Although we have not specifically rejected the Spies test for use in civil fraud cases, we have expressed approval of the approach followed in Powell v. Granquist,252 F.2d 56 (9th Cir. 1958), affg. 146 F.Supp. 308 (D. Ore. 1956). Anson Beaver,supra. The Ninth Circuit simply considered the taxpayer's failure to file along with other relevant facts in determining whether there was fraudulent intent to evade taxes. In any case, we are bound in this instance to abide by the views of the Fifth Circuit by our decision in Jack E. Golsen,54 T.C. 742 (1970), affd. 445 F.2d 985 (10th Cir. 1971), cert. denied 404 U.S. 940 (1971).
To justify the failure to file for the many years involved, petitioner testified that he was fearful that filing would result in criminal prosecution for his failure to file in earlier years which ultimately would cause him to lose his job. Petitioner argues that this factor, plus his retention of earnings records and substantial liquid assets, verify his statement that he intended to eventually file delinquent tax returns and pay the taxes owing for the years in question. We disagree. The reason given for his failure to file returns was an admission that he did not file in order to conceal previous years of nonfiling which in itself is evidence of fraudulent intent. Fred N. Acker,26 T.C. 107 (1956). Furthermore, petitioner admitted that he placed funds in checking accounts rather than savings accounts for the purpose of preventing the government from discovering his existence as an income earner.
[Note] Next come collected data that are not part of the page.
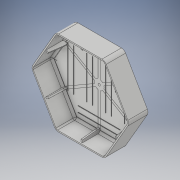
# Autodesk Inventor part: Base v5 - 175
Saved by Autodesk Inventor 2019 (Build 230136000, 136)
## iProperties
Created: 2021-07-14
Part Number: Base v5 - 175
Material: Generic
Document SubType Name: Modeling
Designer: Lix
Density: 1 g/cm^3
Appearance: Default
Author: Lix
## iProperties of the stored document Base v6 - 175 - thicker wall_3DPrint.ipt
Created: 2021-08-11
Part Number: Base v6 - 175 - thicker wall_3DPrint
Material: Generic
Document SubType Name: Modeling
Designer: Lix
Density: 1 g/cm^3
Appearance: Default
Author: Lix
Autodesk Inventor part; units mm, degrees
sketch "Sketch1" plane through (0, 0, 0) normal (0, 0, 1) x (1, 0, 0)
  line L0 (50.5181, -87.5) -> (-50.5181, -87.5)
  line L1 (-50.5181, -87.5) -> (-101.0363, 0)
  line L2 (-101.0363, 0) -> (-50.5181, 87.5)
  line L3 (-50.5181, 87.5) -> (50.5181, 87.5)
  line L4 (50.5181, 87.5) -> (101.0363, 0)
  line L5 (101.0363, 0) -> (50.5181, -87.5)
  point P0 (0, 0)
  point P1 (0, 0)
  point P2 (0, 0)
  dimension "d0" = 175
  constraints: 12 end point, 2 coincident, 1 horizontal, 13 other
  measures "d0" distance between parallel lines of L5 L2
extrude "Extrusion1" add sketch "Sketch1" along normal blind 40
shell "Shell1" thickness 2.5 removed faces 1 at (16.8394, -29.1667, 40) ; own thickness 1 on faces at (16.8394, -29.1667, 0)
sketch "Sketch11" plane through (-49.0748, -85, 1) normal (0, 0, 1) x (1, 0, 0)
  line L0 (-9.4252, 85) -> (107.5748, 85) construction
  line L1 (6.7369, 14.5052) -> (91.4127, 14.5052)
  line L2 (91.4127, 14.5052) -> (91.4127, 25.4948)
  line L3 (91.4127, 25.4948) -> (6.7369, 25.4948)
  line L4 (6.7369, 25.4948) -> (6.7369, 14.5052)
  line L5 (6.7369, 14.5052) -> (91.4127, 25.4948) construction
  line L6 (91.4127, 14.5052) -> (6.7369, 25.4948) construction
  line L7 (49.0748, 20) -> (49.0748, 150) construction
  line L8 (6.7369, 144.5052) -> (91.4127, 144.5052)
  line L9 (91.4127, 144.5052) -> (91.4127, 155.4948)
  line L10 (91.4127, 155.4948) -> (6.7369, 155.4948)
  line L11 (6.7369, 155.4948) -> (6.7369, 144.5052)
  line L12 (6.7369, 144.5052) -> (91.4127, 155.4948) construction
  line L13 (91.4127, 144.5052) -> (6.7369, 155.4948) construction
  line L14 (5.7369, 156.4948) -> (92.4127, 156.4948)
  line L15 (92.4127, 156.4948) -> (92.4127, 143.5052)
  line L16 (92.4127, 143.5052) -> (5.7369, 143.5052)
  line L17 (5.7369, 143.5052) -> (5.7369, 156.4948)
  line L18 (92.4127, 13.5052) -> (5.7369, 13.5052)
  line L19 (5.7369, 13.5052) -> (5.7369, 26.4948)
  line L20 (5.7369, 26.4948) -> (92.4127, 26.4948)
  line L21 (92.4127, 26.4948) -> (92.4127, 13.5052)
  line L22 (92.4127, 155.5) -> (5.7369, 155.5)
  line L23 (5.7369, 155.5) -> (5.7369, 144.5)
  line L24 (5.7369, 144.5) -> (92.4127, 144.5)
  line L25 (92.4127, 144.5) -> (92.4127, 155.5)
  line L26 (92.4127, 25.5) -> (5.7369, 25.5)
  line L27 (5.7369, 25.5) -> (5.7369, 14.5)
  line L28 (5.7369, 14.5) -> (92.4127, 14.5)
  line L29 (92.4127, 14.5) -> (92.4127, 25.5)
  line L30 (-3.9252, 128.5) -> (-3.9252, 41.5)
  line L31 (-14.9252, 41.5) -> (-14.9252, 128.5)
  line L32 (-14.9252, 128.5) -> (-3.9252, 41.5) construction
  line L33 (-3.9252, 128.5) -> (-14.9252, 41.5) construction
  line L34 (147.2243, 85) -> (98.1495, 0) projected
  line L35 (0, 170) -> (98.1495, 0) construction
  line L36 (-14.9252, 128.5) -> (-15.9252, 128.5)
  line L37 (-15.9252, 128.5) -> (-15.9252, 41.5)
  line L38 (-15.9252, 41.5) -> (-14.9252, 41.5)
  line L39 (-14.9252, 41.5) -> (-14.9252, 128.5)
  line L40 (-3.9252, 41.5) -> (-2.9252, 41.5)
  line L41 (-2.9252, 41.5) -> (-2.9252, 128.5)
  line L42 (-2.9252, 128.5) -> (-3.9252, 128.5)
  line L43 (-3.9252, 128.5) -> (-3.9252, 41.5)
  line L44 (36.0748, 41.5) -> (36.0748, 128.5)
  line L45 (35.0748, 41.5) -> (36.0748, 41.5)
  line L46 (36.0748, 128.5) -> (35.0748, 128.5)
  line L47 (35.0748, 128.5) -> (35.0748, 41.5)
  line L48 (35.0748, 128.5) -> (35.0748, 41.5)
  line L49 (24.0748, 41.5) -> (24.0748, 128.5)
  line L50 (24.0748, 128.5) -> (35.0748, 41.5) construction
  line L51 (24.0748, 41.5) -> (24.0748, 128.5)
  line L52 (24.0748, 128.5) -> (23.0748, 128.5)
  line L53 (23.0748, 128.5) -> (23.0748, 41.5)
  line L54 (23.0748, 41.5) -> (24.0748, 41.5)
  line L55 (35.0748, 128.5) -> (24.0748, 41.5) construction
  line L56 (75.0748, 41.5) -> (75.0748, 128.5)
  line L57 (74.0748, 41.5) -> (75.0748, 41.5)
  line L58 (75.0748, 128.5) -> (74.0748, 128.5)
  line L59 (74.0748, 128.5) -> (74.0748, 41.5)
  line L60 (74.0748, 128.5) -> (74.0748, 41.5)
  line L61 (63.0748, 41.5) -> (63.0748, 128.5)
  line L62 (63.0748, 128.5) -> (74.0748, 41.5) construction
  line L63 (63.0748, 41.5) -> (63.0748, 128.5)
  line L64 (63.0748, 128.5) -> (62.0748, 128.5)
  line L65 (62.0748, 128.5) -> (62.0748, 41.5)
  line L66 (62.0748, 41.5) -> (63.0748, 41.5)
  line L67 (74.0748, 128.5) -> (63.0748, 41.5) construction
  line L68 (114.0748, 41.5) -> (114.0748, 128.5)
  line L69 (113.0748, 41.5) -> (114.0748, 41.5)
  line L70 (114.0748, 128.5) -> (113.0748, 128.5)
  line L71 (113.0748, 128.5) -> (113.0748, 41.5)
  line L72 (113.0748, 128.5) -> (113.0748, 41.5)
  line L73 (102.0748, 41.5) -> (102.0748, 128.5)
  line L74 (102.0748, 128.5) -> (113.0748, 41.5) construction
  line L75 (102.0748, 41.5) -> (102.0748, 128.5)
  line L76 (102.0748, 128.5) -> (101.0748, 128.5)
  line L77 (101.0748, 128.5) -> (101.0748, 41.5)
  line L78 (101.0748, 41.5) -> (102.0748, 41.5)
  line L79 (113.0748, 128.5) -> (102.0748, 41.5) construction
  circle A0 centre (-41.4556, 85) radius 0.5
  circle A1 centre (-38.4556, 85) radius 0.5
  point P0 (49.0748, 85)
  point P1 (29.5748, 85)
  point P2 (68.5748, 85)
  point P3 (107.5748, 85)
  dimension "d147" = 130
  dimension "d151" = 1
  dimension "d156" = 1
  dimension "d157" = 11
  dimension "d158" = 87
  dimension "d167" = 117
  dimension "d168" = 1
  dimension "d169" = 87
  dimension "d170" = 1
  dimension "d171" = 87
  dimension "d174" = 39
  dimension "d179" = 1
  dimension "d180" = 1
  dimension "d181" = 3
  constraints: 158 end point, 17 parallel, 15 midpoint, 8 horizontal, 8 perpendicular, 4 point on line, 2 centre point, 2 equal length, 1 vertical, 75 other
  measures "d147" distance of L7.start L7.end
  measures "d151" distance between parallel lines of L10 L14
  measures "d156" distance between parallel lines of L1 L18
  measures "d157" distance of L30.end L31.start
  measures "d158" distance of L30.start L30.end
  measures "d167" distance of L0.start L0.end
  measures "d168" distance of L38.end L37.end
  measures "d169" distance of L37.end L36.end
  measures "d170" distance of L42.end L41.end
  measures "d171" distance of L41.end L40.end
  measures "d174" distance of L0.start point (29.575, 85)
  measures "d179" diameter of A0
  measures "d180" diameter of A1
  measures "d181" distance of A1.centre A0.centre
extrude "Extrusion9" add sketch "Sketch11" along normal blind 0.5 contours L14 L15 L22 L17 | L24 L15 L16 L17 | L18 L19 L28 L21 | L26 L19 L20 L21 | L42 L41 L40 L30 | L38 L37 L36 L31 | L45 L47 L46 L44 | L54 L53 L52 L49 | L57 L59 L58 L56 | L66 L65 L64 L61 | L69 L71 L70 L68 | L78 L77 L76 L73 | A0 | A1
ref_plane "Work Plane1" through (-25.2591, 43.75, 40) normal (0.8660254, 0.5, 0) x (0, 0, -1)
ref_plane "Work Plane2" through (-50.5181, 0, 0) normal (0, 1, 0) x (1, 0, 0)
ref_plane "Work Plane3" through (-25.2591, -43.75, 0) normal (-0.8660254, 0.5, 0) x (0, 0, 1)
sketch "Sketch12" plane through (-49.0748, -85, 1) normal (0, 0, 1) x (1, 0, 0)
  line L0 (98.1495, 0) -> (0, 0) projected
  line L1 (147.2243, 85) -> (98.1495, 0) projected
  line L2 (98.1495, 170) -> (147.2243, 85) projected
  line L3 (0, 170) -> (98.1495, 170) projected
  line L4 (-49.0748, 85) -> (0, 170) projected
  line L5 (0, 0) -> (-49.0748, 85) projected
  point P0 (49.0748, 85)
sketch "Sketch4" plane through (-49.0748, -85, 1) normal (0, 0, 1) x (1, 0, 0)
  line L0 (98.1495, 0) -> (0, 0) projected
  line L1 (147.2243, 85) -> (98.1495, 0) projected
  line L2 (98.1495, 170) -> (147.2243, 85) projected
  line L3 (0, 170) -> (98.1495, 170) projected
  line L4 (-49.0748, 85) -> (0, 170) projected
  line L5 (0, 0) -> (-49.0748, 85) projected
  line L6 (-18.9944, 127.1007) -> (2.8868, 165)
  line L7 (2.8868, 165) -> (46.6491, 165)
  line L8 (98.1495, 170) -> (0, 0) construction
  arc A0 (46.6491, 94.7014) -> (41.886, 91.9514) centre (49.0748, 85) ccw
  line L9 (-18.9944, 127.1007) -> (41.886, 91.9514)
  line L10 (46.6491, 165) -> (46.6491, 94.7014)
  circle A1 centre (49.0748, 85) radius 2.5
  arc A2 (39.4603, 87.75) -> (39.4603, 82.25) centre (49.0748, 85) ccw
  line L11 (-21.4201, 122.8993) -> (39.4603, 87.75)
  line L12 (-21.4201, 47.1007) -> (39.4603, 82.25)
  line L13 (-21.4201, 47.1007) -> (-43.3013, 85)
  line L14 (-43.3013, 85) -> (-21.4201, 122.8993)
  arc A3 (41.886, 78.0486) -> (46.6491, 75.2986) centre (49.0748, 85) ccw
  line L15 (-18.9944, 42.8993) -> (41.886, 78.0486)
  line L16 (46.6491, 5) -> (46.6491, 75.2986)
  line L17 (46.6491, 5) -> (2.8868, 5)
  line L18 (2.8868, 5) -> (-18.9944, 42.8993)
  arc A4 (51.5004, 75.2986) -> (56.2636, 78.0486) centre (49.0748, 85) ccw
  line L19 (51.5004, 5) -> (51.5004, 75.2986)
  line L20 (117.144, 42.8993) -> (56.2636, 78.0486)
  line L21 (117.144, 42.8993) -> (95.2628, 5)
  line L22 (95.2628, 5) -> (51.5004, 5)
  arc A5 (58.6892, 82.25) -> (58.6892, 87.75) centre (49.0748, 85) ccw
  line L23 (119.5696, 47.1007) -> (58.6892, 82.25)
  line L24 (119.5696, 122.8993) -> (58.6892, 87.75)
  line L25 (119.5696, 122.8993) -> (141.4508, 85)
  line L26 (141.4508, 85) -> (119.5696, 47.1007)
  arc A6 (56.2636, 91.9514) -> (51.5004, 94.7014) centre (49.0748, 85) ccw
  line L27 (117.144, 127.1007) -> (56.2636, 91.9514)
  line L28 (51.5004, 165) -> (51.5004, 94.7014)
  line L29 (51.5004, 165) -> (95.2628, 165)
  line L30 (95.2628, 165) -> (117.144, 127.1007)
  point P0 (-49.0748, 85)
  point P1 (0, 0)
  point P2 (98.1495, 0)
  point P3 (147.2243, 85)
  point P4 (98.1495, 170)
  dimension "d37" = 5
  dimension "d44" = 10
  dimension "d45" = 60
  dimension "d46" = 90
  dimension "d47" = 90
  dimension "d52" = 5.5
  dimension "d55" = 5
  dimension "d72" = 360
  constraints: 50 end point, 12 point on circle, 7 centre point, 2 coincident, 2 equal length, 1 midpoint, 73 other
  measures "d37" distance between parallel lines of L3 L7
  measures "d44" radius of A0
  measures "d45" angle of L10 L9
  measures "d46" angle of L9 L6
  measures "d47" angle of L10 L7
  measures "d52" distance of L10.end L9.end
  measures "d55" diameter of A1
extrude "Extrusion5" cut sketch "Sketch4" against normal blind 0.01 contours L6 L7 L10 A0 L9 | A1 | A2 L12 L13 L14 L11 | A3 L16 L17 L18 L15 | A4 L20 L21 L22 L19 | A5 L24 L25 L26 L23 | A6 L28 L29 L30 L27
sketch "Sketch8" plane through (-49.0748, -85, 1) normal (0, 0, 1) x (1, 0, 0)
  line L0 (98.1495, 0) -> (0, 0) projected
  line L1 (147.2243, 85) -> (98.1495, 0) projected
  line L2 (98.1495, 170) -> (147.2243, 85) projected
  line L3 (0, 170) -> (98.1495, 170) projected
  line L4 (-49.0748, 85) -> (0, 170) projected
  line L5 (0, 0) -> (-49.0748, 85) projected
  line L6 (47.5748, 162) -> (50.5748, 162)
  line L7 (50.5748, 162) -> (50.5748, 170)
  line L8 (50.5748, 170) -> (47.5748, 170)
  line L9 (47.5748, 170) -> (47.5748, 162)
  line L10 (0, 170) -> (98.1495, 170) projected
  line L11 (49.0748, 86) -> (49.0748, 170)
  point P0 (49.0748, 85)
  dimension "d57" = 3
  dimension "d58" = 8
  constraints: 10 end point, 2 midpoint, 2 parallel, 1 coincident, 1 collinear, 1 horizontal, 1 perpendicular, 1 vertical
  measures "d57" distance of L6.start L6.end
  measures "d58" distance of L6.end L7.end
extrude "Extrusion6" add sketch "Sketch8" along normal blind 36 contours L7 L6 L11 L3 | L3 L11 L6 L9
sketch "Sketch9" plane through (1.5, 77, 1) normal (1, 0, 0) x (0, 0, -1)
  line L0 (0, 0) -> (0, 8) projected
  line L1 (0, 0) -> (-36, 0) projected
  line L2 (-36, 8) -> (-36, 0) projected
  line L3 (0, 8) -> (-36, 8) projected
  line L4 (-36, 8) -> (-36, 0) projected
  line L5 (-36, 0) -> (-6, 0)
  line L6 (0, 0) -> (-36, 0) projected
  line L7 (-6, 0) -> (-36, 3)
  line L8 (-36, 3) -> (-36, 0)
  point P0 (1, -77)
  point P1 (-36, 8)
  dimension "d77" = 3
  dimension "d78" = 30
  constraints: 6 end point, 3 point on line, 1 collinear, 1 perpendicular
  measures "d77" distance of L7.end L5.start
  measures "d78" distance of L5.start L5.end
extrude "Extrusion8" cut sketch "Sketch9" against normal blind 20 contours L1 L2 L7
pattern_circular "Circular Pattern1" count 6 over 360 about axis through (0, 0, 1) along (0, 0, -1) of "Extrusion6", "Extrusion8"
fillet "Fillet1" radius 4 18 edges at (-25.2874, -85, 1) (25.2874, -85, 1) (-86.2559, -20.6005, 1) (-60.9685, -64.3995, 1) (60.9685, -64.3995, 1) (86.2559, -20.6005, 1) (86.2559, 20.6005, 1) (60.9685, 64.3995, 1) (25.2874, 85, 1) (-25.2874, 85, 1) (-60.9685, 64.3995, 1) (-86.2559, 20.6005, 1) (-98.1495, 0, 20.5) (-49.0748, 85, 20.5) (49.0748, 85, 20.5) (98.1495, 0, 20.5) (49.0748, -85, 20.5) (-49.0748, -85, 20.5)
fillet "Fillet2" radius 10 6 edges at (101.0363, 0, 20) (50.5181, 87.5, 20) (-50.5181, 87.5, 20) (50.5181, -87.5, 20) (-101.0363, 0, 20) (-50.5181, -87.5, 20)
fillet "Fillet4" radius 2 5 edges at (-7.1888, 6.9514, 0.995) (-2.4257, 9.7014, 0.995) (-2.4257, 80, 0.995) (-46.188, 80, 0.995) (-68.0692, 42.1007, 0.995)
sketch "Sketch5" plane through (-44.7446, 87.5, 0) normal (0, 1, 0) x (1, 0, 0)
  line L0 (0, 0) -> (89.4893, 0) projected
  line L1 (0, -40) -> (0, 0) projected
  point P0 (44.7446, 0)
  point P1 (44.7446, -20)
  point P2 (44.7446, 0)
  point P3 (0, -20)
  constraints: 2 midpoint, 1 horizontal alignment, 1 vertical alignment
sketch "Sketch6" plane through (53.4049, 82.5, 40) normal (0.8660254, 0.5, 0) x (0, 0, -1)
  line L0 (40, 8.6603) -> (0, 8.6603) projected
  point P0 (40, -44.7446)
  point P1 (20, -44.7446)
  point P2 (20, 8.6603)
  constraints: 1 horizontal alignment, 1 midpoint, 1 vertical alignment
sketch "Sketch7" plane through (53.4049, -82.5, 40) normal (0.8660254, -0.5, 0) x (0, 0, -1)
  line L0 (0, -8.6603) -> (40, -8.6603) projected
  point P0 (40, 44.7446)
  point P1 (20, 44.7446)
  point P2 (20, -8.6603)
  constraints: 1 horizontal alignment, 1 midpoint, 1 vertical alignment
sketch "Sketch13" plane through (0, 0, 40) normal (0, 0, 1) x (1, 0, 0)
  line L0 (-66.25, -43.5) -> (-55.25, -43.5) projected
  line L1 (-55.25, -43.5) -> (-55.25, 43.5) projected
  line L2 (-55.25, 43.5) -> (-66.25, 43.5) projected
  line L3 (-66.25, 43.5) -> (-66.25, -43.5) projected
  line L4 (-25.75, -43.5) -> (-14.75, -43.5) projected
  line L5 (-14.75, -43.5) -> (-14.75, 43.5) projected
  line L6 (-14.75, 43.5) -> (-25.75, 43.5) projected
  line L7 (-25.75, 43.5) -> (-25.75, -43.5) projected
  line L8 (-43.5, 59.5) -> (43.5, 59.5) projected
  line L9 (43.5, 59.5) -> (43.5, 70.5) projected
  line L10 (43.5, 70.5) -> (-43.5, 70.5) projected
  line L11 (-43.5, 70.5) -> (-43.5, 59.5) projected
  line L12 (14.75, -43.5) -> (25.75, -43.5) projected
  line L13 (25.75, -43.5) -> (25.75, 43.5) projected
  line L14 (25.75, 43.5) -> (14.75, 43.5) projected
  line L15 (14.75, 43.5) -> (14.75, -43.5) projected
  line L16 (55.25, -43.5) -> (66.25, -43.5) projected
  line L17 (66.25, -43.5) -> (66.25, 43.5) projected
  line L18 (66.25, 43.5) -> (55.25, 43.5) projected
  line L19 (55.25, 43.5) -> (55.25, -43.5) projected
  line L20 (-43.5, -70.5) -> (43.5, -70.5) projected
  line L21 (43.5, -70.5) -> (43.5, -59.5) projected
  line L22 (43.5, -59.5) -> (-43.5, -59.5) projected
  line L23 (-43.5, -59.5) -> (-43.5, -70.5) projected
  arc A0 (-53.4049, -82.5) -> (-44.7446, -87.5) centre (-44.7446, -77.5) ccw projected
  line L24 (-44.7446, -87.5) -> (44.7446, -87.5) projected
  arc A1 (44.7446, -87.5) -> (53.4049, -82.5) centre (44.7446, -77.5) ccw projected
  line L25 (53.4049, -82.5) -> (98.1495, -5) projected
  arc A2 (98.1495, -5) -> (98.1495, 5) centre (89.4893, 0) ccw projected
  line L26 (98.1495, 5) -> (53.4049, 82.5) projected
  arc A3 (53.4049, 82.5) -> (44.7446, 87.5) centre (44.7446, 77.5) ccw projected
  line L27 (44.7446, 87.5) -> (-44.7446, 87.5) projected
  arc A4 (-44.7446, 87.5) -> (-53.4049, 82.5) centre (-44.7446, 77.5) ccw projected
  line L28 (-53.4049, 82.5) -> (-98.1495, 5) projected
  arc A5 (-98.1495, 5) -> (-98.1495, -5) centre (-89.4893, 0) ccw projected
  line L29 (-98.1495, -5) -> (-53.4049, -82.5) projected
  line L30 (-50.2295, -83) -> (-96.9948, -2) projected
  arc A6 (-96.9948, 2) -> (-96.9948, -2) centre (-93.5307, 0) ccw projected
  line L31 (-96.9948, 2) -> (-50.2295, 83) projected
  arc A7 (-46.7654, 85) -> (-50.2295, 83) centre (-46.7654, 81) ccw projected
  line L32 (-46.7654, 85) -> (46.7654, 85) projected
  arc A8 (50.2295, 83) -> (46.7654, 85) centre (46.7654, 81) ccw projected
  line L33 (50.2295, 83) -> (96.9948, 2) projected
  arc A9 (96.9948, -2) -> (96.9948, 2) centre (93.5307, 0) ccw projected
  line L34 (96.9948, -2) -> (50.2295, -83) projected
  arc A10 (46.7654, -85) -> (50.2295, -83) centre (46.7654, -81) ccw projected
  line L35 (46.7654, -85) -> (-46.7654, -85) projected
  arc A11 (-50.2295, -83) -> (-46.7654, -85) centre (-46.7654, -81) ccw projected
  line L36 (1.5, -80) -> (-1.5, -80) projected
  line L37 (-1.5, -80) -> (-1.5, -85) projected
  line L38 (1.5, -85) -> (1.5, -80) projected
  line L39 (-68.532, -41.299) -> (-70.032, -38.701) projected
  line L40 (-70.032, -38.701) -> (-74.3622, -41.201) projected
  line L41 (-72.8622, -43.799) -> (-68.532, -41.299) projected
  line L42 (-65.934, -39.799) -> (-68.532, -41.299) projected
  line L43 (-67.434, -37.201) -> (-65.934, -39.799) projected
  line L44 (-70.032, -38.701) -> (-67.434, -37.201) projected
  line L45 (-68.532, -41.299) -> (-70.032, -38.701) projected
  line L46 (1.5, -77) -> (1.5, -80) projected
  line L47 (-1.5, -77) -> (1.5, -77) projected
  line L48 (-1.5, -80) -> (-1.5, -77) projected
  line L49 (1.5, -80) -> (-1.5, -80) projected
  line L50 (-70.032, 38.701) -> (-68.532, 41.299) projected
  line L51 (-68.532, 41.299) -> (-72.8622, 43.799) projected
  line L52 (-74.3622, 41.201) -> (-70.032, 38.701) projected
  line L53 (-67.434, 37.201) -> (-70.032, 38.701) projected
  line L54 (-65.934, 39.799) -> (-67.434, 37.201) projected
  line L55 (-68.532, 41.299) -> (-65.934, 39.799) projected
  line L56 (-70.032, 38.701) -> (-68.532, 41.299) projected
  line L57 (-1.5, 80) -> (1.5, 80) projected
  line L58 (1.5, 80) -> (1.5, 85) projected
  line L59 (-1.5, 85) -> (1.5, 85) projected
  line L60 (-1.5, 85) -> (-1.5, 80) projected
  line L61 (-1.5, 77) -> (-1.5, 80) projected
  line L62 (1.5, 77) -> (-1.5, 77) projected
  line L63 (1.5, 80) -> (1.5, 77) projected
  line L64 (-1.5, 80) -> (1.5, 80) projected
  line L65 (68.532, 41.299) -> (70.032, 38.701) projected
  line L66 (70.032, 38.701) -> (74.3622, 41.201) projected
  line L67 (72.8622, 43.799) -> (74.3622, 41.201) projected
  line L68 (72.8622, 43.799) -> (68.532, 41.299) projected
  line L69 (65.934, 39.799) -> (68.532, 41.299) projected
  line L70 (67.434, 37.201) -> (65.934, 39.799) projected
  line L71 (70.032, 38.701) -> (67.434, 37.201) projected
  line L72 (68.532, 41.299) -> (70.032, 38.701) projected
  line L73 (70.032, -38.701) -> (68.532, -41.299) projected
  line L74 (68.532, -41.299) -> (72.8622, -43.799) projected
  line L75 (74.3622, -41.201) -> (70.032, -38.701) projected
  line L76 (67.434, -37.201) -> (70.032, -38.701) projected
  line L77 (65.934, -39.799) -> (67.434, -37.201) projected
  line L78 (68.532, -41.299) -> (65.934, -39.799) projected
  line L79 (70.032, -38.701) -> (68.532, -41.299) projected
  line L80 (74.3622, -41.201) -> (72.8622, -43.799) projected
  line L81 (-74.3622, 41.201) -> (-72.8622, 43.799) projected
  line L82 (-72.8622, -43.799) -> (-74.3622, -41.201) projected
  line L83 (1.5, -85) -> (-1.5, -85) projected
  point P0 (0, 0)
body "Solid1"

Such concealment clearly constitutes the type of affirmative action required by the Fifth Circuit for the imposition of the fraud penalty. Petitioner's self-serving testimony and his retention of substantial liquid assets and earnings records, when considered in light of his lifelong pattern of nonfiling and his attempts to conceal, convince us that he intended to pay his taxes only if his scheme was uncovered. Upon a careful consideration of the record and based upon the foregoing, we find that petitioner's failure to file Federal income tax returns for the years 1960 through 1970 was due to fraud with intent to evade tax.
Decision will be entered under Rule 155.